▶ RECORD SET
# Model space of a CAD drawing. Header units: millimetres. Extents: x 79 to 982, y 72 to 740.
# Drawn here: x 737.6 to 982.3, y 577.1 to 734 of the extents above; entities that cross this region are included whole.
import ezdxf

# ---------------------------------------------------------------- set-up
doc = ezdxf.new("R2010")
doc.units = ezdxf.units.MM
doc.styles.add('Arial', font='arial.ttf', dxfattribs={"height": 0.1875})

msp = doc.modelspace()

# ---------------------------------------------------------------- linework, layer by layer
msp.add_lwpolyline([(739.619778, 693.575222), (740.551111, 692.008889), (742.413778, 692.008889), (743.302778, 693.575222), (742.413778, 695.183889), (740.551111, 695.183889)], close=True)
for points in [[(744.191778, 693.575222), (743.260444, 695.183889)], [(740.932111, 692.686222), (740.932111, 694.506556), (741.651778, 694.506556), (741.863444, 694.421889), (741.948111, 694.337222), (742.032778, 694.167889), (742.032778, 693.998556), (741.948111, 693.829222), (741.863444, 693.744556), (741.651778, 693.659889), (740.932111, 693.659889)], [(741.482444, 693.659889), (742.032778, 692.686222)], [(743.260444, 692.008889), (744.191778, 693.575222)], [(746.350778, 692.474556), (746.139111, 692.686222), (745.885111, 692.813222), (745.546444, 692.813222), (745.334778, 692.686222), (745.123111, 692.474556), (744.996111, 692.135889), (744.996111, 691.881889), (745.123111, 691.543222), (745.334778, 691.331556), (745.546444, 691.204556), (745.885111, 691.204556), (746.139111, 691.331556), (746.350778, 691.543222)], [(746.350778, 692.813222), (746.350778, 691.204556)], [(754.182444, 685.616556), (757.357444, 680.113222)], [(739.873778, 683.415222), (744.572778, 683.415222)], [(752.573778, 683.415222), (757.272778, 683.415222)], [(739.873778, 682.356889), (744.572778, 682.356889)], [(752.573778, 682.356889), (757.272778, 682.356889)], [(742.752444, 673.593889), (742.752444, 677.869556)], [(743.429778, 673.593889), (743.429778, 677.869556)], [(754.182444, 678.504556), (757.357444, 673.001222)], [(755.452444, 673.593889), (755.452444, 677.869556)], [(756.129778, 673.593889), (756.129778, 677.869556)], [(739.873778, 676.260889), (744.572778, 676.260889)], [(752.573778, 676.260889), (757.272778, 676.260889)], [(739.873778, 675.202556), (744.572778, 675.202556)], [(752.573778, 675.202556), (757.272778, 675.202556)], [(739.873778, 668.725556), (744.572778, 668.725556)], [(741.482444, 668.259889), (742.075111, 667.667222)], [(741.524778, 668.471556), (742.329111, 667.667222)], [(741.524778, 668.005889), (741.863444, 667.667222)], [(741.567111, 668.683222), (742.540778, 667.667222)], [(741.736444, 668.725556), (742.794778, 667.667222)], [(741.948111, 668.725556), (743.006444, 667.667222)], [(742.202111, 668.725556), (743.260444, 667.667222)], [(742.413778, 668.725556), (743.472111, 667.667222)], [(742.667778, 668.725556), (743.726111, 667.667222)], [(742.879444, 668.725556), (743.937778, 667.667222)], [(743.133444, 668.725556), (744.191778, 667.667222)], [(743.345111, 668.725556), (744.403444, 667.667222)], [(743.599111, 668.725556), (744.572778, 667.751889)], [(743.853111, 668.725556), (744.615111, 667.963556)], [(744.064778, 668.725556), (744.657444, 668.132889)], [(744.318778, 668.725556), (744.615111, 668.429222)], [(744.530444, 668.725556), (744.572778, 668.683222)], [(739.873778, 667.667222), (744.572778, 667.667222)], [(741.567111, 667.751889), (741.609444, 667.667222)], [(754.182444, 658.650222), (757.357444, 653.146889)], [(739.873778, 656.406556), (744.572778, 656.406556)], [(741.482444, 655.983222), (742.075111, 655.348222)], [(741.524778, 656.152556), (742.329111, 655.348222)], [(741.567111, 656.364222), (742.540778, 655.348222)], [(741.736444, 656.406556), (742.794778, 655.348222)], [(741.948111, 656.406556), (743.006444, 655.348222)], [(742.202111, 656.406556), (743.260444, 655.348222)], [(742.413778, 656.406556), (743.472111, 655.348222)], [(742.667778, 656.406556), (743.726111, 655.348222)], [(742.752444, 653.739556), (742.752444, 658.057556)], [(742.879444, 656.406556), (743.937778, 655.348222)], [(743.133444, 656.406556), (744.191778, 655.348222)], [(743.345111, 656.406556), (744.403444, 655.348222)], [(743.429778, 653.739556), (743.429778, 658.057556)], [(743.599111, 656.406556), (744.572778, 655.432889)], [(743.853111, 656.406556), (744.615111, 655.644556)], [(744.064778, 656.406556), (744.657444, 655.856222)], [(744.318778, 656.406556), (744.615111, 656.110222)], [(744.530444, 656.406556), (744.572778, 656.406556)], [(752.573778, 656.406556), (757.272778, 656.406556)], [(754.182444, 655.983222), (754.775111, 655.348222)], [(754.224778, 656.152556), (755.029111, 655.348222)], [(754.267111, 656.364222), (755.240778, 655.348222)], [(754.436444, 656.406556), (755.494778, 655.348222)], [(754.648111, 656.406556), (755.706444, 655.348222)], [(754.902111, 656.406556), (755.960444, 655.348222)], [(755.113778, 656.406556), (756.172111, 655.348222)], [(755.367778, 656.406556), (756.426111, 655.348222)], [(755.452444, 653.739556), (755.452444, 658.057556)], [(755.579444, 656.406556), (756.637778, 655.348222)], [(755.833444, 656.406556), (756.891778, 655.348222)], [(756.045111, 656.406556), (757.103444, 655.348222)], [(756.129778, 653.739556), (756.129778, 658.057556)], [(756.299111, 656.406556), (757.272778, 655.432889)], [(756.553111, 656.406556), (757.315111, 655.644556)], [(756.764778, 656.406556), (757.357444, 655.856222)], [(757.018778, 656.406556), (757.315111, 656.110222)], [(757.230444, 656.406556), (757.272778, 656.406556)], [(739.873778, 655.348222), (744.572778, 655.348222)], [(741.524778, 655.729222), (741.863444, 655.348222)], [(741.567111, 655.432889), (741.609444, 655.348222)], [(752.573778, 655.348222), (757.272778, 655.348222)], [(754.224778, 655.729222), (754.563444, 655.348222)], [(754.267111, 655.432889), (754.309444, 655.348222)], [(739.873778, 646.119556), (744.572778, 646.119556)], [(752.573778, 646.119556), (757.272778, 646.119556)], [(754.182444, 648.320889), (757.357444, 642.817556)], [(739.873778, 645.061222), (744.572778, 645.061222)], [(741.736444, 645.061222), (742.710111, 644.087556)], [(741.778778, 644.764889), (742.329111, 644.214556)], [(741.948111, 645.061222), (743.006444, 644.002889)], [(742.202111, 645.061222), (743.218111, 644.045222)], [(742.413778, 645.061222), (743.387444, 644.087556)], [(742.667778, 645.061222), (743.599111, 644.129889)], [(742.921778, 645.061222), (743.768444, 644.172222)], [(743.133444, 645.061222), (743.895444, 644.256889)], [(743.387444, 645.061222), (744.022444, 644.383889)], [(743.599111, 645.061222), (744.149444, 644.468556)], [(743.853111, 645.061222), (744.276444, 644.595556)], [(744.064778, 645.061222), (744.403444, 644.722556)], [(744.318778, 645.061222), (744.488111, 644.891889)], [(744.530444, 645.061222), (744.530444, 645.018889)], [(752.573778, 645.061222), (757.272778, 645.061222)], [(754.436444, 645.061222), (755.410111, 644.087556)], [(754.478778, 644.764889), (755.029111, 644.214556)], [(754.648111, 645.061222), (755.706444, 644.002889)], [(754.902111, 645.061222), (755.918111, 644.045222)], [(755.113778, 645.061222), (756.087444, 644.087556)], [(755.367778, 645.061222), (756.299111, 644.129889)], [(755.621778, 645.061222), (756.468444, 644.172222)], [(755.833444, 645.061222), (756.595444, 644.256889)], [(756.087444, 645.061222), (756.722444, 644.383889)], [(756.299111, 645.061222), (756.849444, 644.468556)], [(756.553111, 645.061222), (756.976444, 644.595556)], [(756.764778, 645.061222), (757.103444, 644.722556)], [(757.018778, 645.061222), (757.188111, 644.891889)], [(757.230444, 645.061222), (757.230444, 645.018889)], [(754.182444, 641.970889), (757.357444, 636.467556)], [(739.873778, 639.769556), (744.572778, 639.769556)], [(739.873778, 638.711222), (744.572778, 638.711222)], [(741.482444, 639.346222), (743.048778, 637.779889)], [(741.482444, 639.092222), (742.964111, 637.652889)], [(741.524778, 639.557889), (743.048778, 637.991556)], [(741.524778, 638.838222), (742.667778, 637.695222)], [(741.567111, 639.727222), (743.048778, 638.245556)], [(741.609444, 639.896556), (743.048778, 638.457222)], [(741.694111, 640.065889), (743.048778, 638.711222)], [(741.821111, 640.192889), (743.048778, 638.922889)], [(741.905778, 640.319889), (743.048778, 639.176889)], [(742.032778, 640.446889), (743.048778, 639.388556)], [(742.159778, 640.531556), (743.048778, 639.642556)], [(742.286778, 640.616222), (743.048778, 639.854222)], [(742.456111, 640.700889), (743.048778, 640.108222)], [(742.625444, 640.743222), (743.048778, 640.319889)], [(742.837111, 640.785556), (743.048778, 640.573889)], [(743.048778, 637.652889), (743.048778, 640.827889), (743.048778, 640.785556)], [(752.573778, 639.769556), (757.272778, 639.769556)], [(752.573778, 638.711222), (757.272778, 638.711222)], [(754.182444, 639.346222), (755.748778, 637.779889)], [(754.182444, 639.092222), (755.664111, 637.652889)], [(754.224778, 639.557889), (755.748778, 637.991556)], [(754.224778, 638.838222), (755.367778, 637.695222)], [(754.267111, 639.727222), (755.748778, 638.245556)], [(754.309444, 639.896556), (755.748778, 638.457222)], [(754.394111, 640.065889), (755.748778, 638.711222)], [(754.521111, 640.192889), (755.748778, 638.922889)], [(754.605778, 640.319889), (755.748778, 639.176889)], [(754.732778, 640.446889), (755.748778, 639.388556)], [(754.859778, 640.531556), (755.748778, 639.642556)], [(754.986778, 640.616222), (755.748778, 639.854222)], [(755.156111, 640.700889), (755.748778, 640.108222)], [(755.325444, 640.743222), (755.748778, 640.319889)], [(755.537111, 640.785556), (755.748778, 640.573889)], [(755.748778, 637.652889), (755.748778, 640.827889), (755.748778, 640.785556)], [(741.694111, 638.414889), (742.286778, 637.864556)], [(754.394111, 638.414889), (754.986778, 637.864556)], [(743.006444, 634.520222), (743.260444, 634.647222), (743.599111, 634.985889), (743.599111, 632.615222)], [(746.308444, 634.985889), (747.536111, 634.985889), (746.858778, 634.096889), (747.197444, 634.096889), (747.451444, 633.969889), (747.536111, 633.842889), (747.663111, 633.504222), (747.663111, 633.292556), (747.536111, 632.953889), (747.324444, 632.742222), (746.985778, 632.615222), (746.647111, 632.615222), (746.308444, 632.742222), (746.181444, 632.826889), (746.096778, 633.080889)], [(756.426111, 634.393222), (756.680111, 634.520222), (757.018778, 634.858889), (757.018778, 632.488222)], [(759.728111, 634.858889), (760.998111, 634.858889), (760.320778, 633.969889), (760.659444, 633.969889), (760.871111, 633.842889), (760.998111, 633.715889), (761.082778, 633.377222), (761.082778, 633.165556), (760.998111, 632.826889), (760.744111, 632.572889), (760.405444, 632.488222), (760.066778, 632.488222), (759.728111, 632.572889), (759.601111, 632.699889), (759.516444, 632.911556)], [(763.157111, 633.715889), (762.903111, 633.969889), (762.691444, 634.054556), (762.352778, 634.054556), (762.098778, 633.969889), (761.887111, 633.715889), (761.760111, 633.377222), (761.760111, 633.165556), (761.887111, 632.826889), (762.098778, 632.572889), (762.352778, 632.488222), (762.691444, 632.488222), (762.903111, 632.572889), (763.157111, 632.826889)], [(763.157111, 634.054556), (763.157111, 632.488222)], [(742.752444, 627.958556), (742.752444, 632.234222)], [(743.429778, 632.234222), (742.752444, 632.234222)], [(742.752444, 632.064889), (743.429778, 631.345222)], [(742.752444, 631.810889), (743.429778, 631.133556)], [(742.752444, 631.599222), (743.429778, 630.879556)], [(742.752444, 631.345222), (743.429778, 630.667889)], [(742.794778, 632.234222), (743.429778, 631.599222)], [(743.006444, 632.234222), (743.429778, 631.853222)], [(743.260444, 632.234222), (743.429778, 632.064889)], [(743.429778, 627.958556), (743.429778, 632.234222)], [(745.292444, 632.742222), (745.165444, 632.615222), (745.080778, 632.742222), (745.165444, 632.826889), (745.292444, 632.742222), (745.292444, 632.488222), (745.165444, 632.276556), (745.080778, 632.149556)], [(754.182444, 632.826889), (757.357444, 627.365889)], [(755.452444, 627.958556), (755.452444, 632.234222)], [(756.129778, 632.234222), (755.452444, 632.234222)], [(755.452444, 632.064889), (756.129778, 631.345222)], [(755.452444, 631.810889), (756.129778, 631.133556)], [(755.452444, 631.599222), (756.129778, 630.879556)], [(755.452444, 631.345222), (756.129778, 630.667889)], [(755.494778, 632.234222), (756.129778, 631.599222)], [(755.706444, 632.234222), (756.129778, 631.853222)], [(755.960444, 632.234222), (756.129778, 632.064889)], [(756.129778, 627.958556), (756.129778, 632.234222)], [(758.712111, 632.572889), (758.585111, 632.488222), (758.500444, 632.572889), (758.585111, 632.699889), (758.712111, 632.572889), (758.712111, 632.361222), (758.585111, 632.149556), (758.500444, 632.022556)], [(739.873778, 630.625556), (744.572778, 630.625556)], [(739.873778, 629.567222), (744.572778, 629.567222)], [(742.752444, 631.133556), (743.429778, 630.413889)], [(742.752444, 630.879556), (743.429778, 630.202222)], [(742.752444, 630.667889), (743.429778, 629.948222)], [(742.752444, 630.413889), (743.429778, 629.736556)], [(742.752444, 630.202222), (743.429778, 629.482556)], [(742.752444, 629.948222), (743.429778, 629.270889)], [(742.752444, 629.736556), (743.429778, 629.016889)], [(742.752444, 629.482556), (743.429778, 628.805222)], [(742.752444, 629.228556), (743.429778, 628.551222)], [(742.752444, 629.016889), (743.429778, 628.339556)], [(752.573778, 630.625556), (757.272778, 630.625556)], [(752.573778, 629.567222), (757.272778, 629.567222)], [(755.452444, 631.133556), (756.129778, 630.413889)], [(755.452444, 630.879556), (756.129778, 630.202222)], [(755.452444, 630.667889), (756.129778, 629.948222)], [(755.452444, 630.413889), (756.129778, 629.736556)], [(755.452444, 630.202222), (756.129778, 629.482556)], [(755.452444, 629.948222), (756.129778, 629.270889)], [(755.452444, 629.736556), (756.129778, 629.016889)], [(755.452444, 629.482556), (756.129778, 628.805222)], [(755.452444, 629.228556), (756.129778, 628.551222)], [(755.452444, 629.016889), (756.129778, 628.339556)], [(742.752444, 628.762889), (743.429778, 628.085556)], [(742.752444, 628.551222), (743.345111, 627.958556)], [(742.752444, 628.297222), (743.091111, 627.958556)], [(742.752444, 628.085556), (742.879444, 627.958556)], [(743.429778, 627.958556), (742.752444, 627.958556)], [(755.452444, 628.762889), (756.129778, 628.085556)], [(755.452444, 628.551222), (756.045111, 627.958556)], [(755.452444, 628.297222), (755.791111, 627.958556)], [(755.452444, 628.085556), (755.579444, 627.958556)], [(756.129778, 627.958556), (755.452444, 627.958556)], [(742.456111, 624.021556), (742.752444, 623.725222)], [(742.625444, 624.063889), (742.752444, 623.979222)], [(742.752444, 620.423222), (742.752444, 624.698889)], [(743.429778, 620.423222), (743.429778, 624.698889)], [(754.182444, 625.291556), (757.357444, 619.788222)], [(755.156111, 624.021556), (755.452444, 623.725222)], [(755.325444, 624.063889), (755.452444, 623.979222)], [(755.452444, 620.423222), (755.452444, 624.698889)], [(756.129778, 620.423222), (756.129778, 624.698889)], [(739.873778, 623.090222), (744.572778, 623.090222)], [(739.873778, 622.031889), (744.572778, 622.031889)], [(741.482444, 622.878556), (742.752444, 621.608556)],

▶ TASK BRIEF
If a line in the data above includes the string "units", copy it.

▶ RESPONSE AREA
# Model space of a CAD drawing. Header units: millimetres. Extents: x 79 to 982, y 72 to 740.
doc.units = ezdxf.units.MM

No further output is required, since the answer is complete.